Модернизм как архаизм. Национализм и поиски модернистской эстетики в России — страница 67 из 73

.

Оторванность русских мастеров от истоков, питавших византийское искусство, была для Муратова главной причиной постепенного исчерпания византийской традиции на Руси. При этом он не стремился снять противоречие между фактической утратой памяти об иконописной традиции XIV–XVI веков и декларированием этой традиции в качестве основания для пересмотра «возраста России», что подразумевало включение ее в воображаемую непрерывную цепочку культурной преемственности. В этом противоречии его не замедлил уличить Дмитриев: «Если у нас есть “возраст”, если мы росли, если современная Россия составляет единое тело с древней Русью, то как понять слова – “без всякой надежды когда-либо возродиться”? Если же мы “без всякой надежды” оторваны от Руси “до второй половины XVI века”, то уместны ли тогда слова о возрасте?»[719]

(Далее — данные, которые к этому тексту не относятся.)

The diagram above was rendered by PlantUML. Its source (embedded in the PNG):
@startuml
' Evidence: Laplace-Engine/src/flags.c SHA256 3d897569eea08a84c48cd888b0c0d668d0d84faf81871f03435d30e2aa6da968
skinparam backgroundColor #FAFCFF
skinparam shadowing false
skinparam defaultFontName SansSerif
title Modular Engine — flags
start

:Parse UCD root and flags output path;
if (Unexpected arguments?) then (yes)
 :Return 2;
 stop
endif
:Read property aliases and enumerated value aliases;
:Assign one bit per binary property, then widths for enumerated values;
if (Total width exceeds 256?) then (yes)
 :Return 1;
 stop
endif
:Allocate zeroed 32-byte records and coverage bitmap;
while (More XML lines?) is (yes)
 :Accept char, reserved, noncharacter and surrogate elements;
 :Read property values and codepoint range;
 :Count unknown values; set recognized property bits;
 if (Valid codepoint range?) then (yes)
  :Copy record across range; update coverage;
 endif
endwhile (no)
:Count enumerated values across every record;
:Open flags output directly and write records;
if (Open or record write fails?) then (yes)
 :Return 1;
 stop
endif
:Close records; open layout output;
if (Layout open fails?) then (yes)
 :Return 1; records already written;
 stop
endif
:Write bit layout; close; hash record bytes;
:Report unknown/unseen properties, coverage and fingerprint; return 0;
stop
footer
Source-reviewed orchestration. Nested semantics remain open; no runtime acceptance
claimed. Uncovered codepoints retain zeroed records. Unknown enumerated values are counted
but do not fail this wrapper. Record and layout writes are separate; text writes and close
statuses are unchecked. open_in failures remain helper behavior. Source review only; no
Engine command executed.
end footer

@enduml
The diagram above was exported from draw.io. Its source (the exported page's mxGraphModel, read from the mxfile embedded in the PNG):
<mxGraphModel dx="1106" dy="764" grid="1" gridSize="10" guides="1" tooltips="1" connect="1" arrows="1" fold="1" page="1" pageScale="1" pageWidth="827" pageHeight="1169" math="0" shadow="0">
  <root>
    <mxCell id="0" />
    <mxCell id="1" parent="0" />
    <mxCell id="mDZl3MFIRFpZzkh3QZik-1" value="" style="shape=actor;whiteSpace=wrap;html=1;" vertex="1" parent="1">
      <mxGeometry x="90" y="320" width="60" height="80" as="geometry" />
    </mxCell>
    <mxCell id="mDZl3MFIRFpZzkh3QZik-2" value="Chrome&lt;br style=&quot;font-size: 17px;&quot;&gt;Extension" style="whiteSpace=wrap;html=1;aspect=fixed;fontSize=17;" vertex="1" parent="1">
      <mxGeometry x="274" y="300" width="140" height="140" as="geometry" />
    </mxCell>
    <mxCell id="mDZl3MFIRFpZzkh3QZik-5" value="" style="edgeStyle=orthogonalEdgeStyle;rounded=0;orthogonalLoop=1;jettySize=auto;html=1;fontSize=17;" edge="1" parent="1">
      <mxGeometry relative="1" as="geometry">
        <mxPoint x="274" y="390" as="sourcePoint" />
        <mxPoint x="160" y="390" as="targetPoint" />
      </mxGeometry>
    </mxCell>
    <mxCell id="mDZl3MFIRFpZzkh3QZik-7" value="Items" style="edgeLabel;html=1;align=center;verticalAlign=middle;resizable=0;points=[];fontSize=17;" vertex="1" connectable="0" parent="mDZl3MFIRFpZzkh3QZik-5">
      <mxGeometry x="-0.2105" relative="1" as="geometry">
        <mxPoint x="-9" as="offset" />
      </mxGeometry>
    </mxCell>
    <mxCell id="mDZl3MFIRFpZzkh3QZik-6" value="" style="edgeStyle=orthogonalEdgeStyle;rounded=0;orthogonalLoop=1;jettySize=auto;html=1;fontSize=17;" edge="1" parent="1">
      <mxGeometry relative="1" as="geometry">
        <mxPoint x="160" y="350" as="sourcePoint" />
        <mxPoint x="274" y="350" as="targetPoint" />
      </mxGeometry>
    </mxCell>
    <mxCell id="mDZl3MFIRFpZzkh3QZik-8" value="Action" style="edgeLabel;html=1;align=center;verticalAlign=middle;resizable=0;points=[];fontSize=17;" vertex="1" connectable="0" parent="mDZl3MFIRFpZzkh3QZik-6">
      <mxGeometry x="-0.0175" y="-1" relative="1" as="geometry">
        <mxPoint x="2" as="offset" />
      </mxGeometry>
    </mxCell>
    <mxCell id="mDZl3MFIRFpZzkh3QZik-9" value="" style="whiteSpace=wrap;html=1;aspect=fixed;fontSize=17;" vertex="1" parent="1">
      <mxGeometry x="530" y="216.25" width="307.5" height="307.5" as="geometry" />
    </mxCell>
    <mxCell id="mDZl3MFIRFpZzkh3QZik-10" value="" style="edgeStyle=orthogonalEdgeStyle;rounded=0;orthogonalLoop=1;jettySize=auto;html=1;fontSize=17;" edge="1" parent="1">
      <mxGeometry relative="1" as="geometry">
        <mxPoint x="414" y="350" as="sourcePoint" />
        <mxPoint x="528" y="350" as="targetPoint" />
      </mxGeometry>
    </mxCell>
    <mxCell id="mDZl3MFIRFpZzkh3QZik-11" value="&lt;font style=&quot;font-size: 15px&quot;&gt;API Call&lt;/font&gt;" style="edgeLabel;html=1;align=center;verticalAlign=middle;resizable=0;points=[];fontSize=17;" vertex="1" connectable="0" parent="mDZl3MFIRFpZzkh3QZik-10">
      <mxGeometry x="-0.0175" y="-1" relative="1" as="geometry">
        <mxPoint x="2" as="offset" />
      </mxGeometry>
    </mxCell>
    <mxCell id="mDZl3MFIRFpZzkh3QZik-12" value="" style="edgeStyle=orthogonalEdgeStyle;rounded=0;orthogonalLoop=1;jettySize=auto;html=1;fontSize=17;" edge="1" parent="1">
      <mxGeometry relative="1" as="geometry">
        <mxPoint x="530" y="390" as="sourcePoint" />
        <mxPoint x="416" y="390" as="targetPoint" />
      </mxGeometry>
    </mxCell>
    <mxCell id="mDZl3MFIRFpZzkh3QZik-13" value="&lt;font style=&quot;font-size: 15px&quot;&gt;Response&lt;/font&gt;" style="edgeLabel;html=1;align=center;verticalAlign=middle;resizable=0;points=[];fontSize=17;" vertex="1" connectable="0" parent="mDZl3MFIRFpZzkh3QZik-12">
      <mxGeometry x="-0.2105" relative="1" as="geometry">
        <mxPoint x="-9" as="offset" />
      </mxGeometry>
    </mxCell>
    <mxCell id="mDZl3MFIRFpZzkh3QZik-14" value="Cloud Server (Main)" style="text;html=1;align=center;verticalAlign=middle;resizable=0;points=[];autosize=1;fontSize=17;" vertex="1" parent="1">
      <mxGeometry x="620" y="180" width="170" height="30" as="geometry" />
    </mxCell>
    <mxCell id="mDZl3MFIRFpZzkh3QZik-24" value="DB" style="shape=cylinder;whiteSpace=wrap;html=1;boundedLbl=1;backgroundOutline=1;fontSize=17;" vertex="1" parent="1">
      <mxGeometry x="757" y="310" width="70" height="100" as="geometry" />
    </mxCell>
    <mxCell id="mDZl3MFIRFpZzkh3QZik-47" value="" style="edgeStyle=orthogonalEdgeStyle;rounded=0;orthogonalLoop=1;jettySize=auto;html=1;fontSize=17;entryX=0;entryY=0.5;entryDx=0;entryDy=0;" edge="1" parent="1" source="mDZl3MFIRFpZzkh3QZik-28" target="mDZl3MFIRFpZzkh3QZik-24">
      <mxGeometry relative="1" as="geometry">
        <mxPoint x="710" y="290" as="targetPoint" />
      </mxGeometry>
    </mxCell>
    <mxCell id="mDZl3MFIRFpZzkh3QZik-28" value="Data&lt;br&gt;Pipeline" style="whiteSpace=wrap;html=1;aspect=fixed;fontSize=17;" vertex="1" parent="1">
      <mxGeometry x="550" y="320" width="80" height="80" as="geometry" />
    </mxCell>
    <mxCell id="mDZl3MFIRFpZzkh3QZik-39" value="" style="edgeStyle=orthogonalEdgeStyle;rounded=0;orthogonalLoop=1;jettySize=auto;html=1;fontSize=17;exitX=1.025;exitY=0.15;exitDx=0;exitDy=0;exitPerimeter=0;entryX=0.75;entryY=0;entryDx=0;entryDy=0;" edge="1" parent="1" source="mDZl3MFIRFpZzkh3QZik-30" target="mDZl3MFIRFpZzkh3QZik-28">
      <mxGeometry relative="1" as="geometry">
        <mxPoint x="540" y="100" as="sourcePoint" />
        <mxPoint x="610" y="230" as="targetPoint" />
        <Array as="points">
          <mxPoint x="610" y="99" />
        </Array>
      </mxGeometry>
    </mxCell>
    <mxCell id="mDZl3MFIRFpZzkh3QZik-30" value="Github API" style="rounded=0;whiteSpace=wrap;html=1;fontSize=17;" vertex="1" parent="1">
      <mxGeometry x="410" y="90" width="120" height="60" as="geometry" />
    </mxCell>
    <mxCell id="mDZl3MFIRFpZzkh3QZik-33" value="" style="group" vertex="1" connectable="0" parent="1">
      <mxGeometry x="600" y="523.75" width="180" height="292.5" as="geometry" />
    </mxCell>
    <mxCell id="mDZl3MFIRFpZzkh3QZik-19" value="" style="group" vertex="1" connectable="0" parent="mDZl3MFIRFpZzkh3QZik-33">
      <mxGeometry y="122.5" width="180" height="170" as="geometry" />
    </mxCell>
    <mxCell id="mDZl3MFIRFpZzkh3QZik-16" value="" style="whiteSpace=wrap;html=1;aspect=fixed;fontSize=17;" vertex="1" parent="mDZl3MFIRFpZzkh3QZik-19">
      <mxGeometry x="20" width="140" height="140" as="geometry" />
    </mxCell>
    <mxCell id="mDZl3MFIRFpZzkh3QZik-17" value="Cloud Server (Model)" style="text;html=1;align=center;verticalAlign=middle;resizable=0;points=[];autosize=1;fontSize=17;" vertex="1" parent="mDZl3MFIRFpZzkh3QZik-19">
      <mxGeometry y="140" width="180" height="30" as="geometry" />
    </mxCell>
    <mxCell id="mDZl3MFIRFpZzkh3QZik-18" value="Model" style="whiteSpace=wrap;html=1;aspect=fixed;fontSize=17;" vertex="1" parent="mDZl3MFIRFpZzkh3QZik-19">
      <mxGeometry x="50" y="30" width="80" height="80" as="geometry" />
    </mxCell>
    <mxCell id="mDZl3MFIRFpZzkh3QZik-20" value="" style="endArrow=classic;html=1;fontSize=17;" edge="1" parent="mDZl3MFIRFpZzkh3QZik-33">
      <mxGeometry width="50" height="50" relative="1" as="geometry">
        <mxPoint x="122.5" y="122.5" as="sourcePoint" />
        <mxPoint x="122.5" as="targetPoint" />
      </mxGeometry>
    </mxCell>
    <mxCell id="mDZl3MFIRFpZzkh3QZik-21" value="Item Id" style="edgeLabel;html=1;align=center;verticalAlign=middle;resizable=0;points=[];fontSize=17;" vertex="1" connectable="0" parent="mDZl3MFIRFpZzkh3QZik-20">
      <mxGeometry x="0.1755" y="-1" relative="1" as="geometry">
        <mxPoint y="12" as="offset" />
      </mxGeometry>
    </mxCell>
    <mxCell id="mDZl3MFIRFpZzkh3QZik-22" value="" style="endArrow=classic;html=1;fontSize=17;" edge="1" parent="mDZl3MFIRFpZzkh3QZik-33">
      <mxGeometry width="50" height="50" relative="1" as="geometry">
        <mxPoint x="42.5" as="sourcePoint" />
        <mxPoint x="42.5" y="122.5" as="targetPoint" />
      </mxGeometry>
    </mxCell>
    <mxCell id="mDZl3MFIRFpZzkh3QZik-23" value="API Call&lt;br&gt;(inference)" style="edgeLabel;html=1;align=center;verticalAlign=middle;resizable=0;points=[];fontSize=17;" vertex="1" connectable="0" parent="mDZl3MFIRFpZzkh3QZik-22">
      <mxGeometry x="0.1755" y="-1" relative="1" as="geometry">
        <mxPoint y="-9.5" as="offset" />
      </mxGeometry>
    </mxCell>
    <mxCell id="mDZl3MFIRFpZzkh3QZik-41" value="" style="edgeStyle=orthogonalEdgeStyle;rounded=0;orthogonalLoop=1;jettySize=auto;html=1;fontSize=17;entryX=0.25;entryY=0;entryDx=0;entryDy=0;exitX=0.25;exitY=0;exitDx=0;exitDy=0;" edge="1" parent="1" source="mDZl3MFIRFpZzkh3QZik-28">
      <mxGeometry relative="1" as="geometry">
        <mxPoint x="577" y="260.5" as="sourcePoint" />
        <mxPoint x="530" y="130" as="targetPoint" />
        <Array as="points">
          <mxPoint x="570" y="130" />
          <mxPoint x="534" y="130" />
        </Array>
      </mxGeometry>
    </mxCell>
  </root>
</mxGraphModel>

Отмеченное Дмитриевым противоречие и стало одной из внутренних пружин той бурной реакции, которую вызвало в культурной среде открытие древнерусской иконописи. «Права» современной русской культуры на это наследие были неочевидны, а между тем из всех ресурсов, доступных воображению русского культурного национализма к началу 1910-х годов, ни один не мог сравниться со средневековой иконописью по полноте соответствия идеалу основания «национальной традиции». Эта традиция была древней, легко поддавалась интерпретации как общая для различных социальных групп в силу своей связи с вероисповеданием и обладала бесспорной ценностью с точки зрения представителей самых разных групп образованного сообщества, вовлеченных в нациестроительный проект[720]. Все это превратило русскую средневековую иконопись в объект активного культурного освоения и присвоения на ближайшие десятилетия.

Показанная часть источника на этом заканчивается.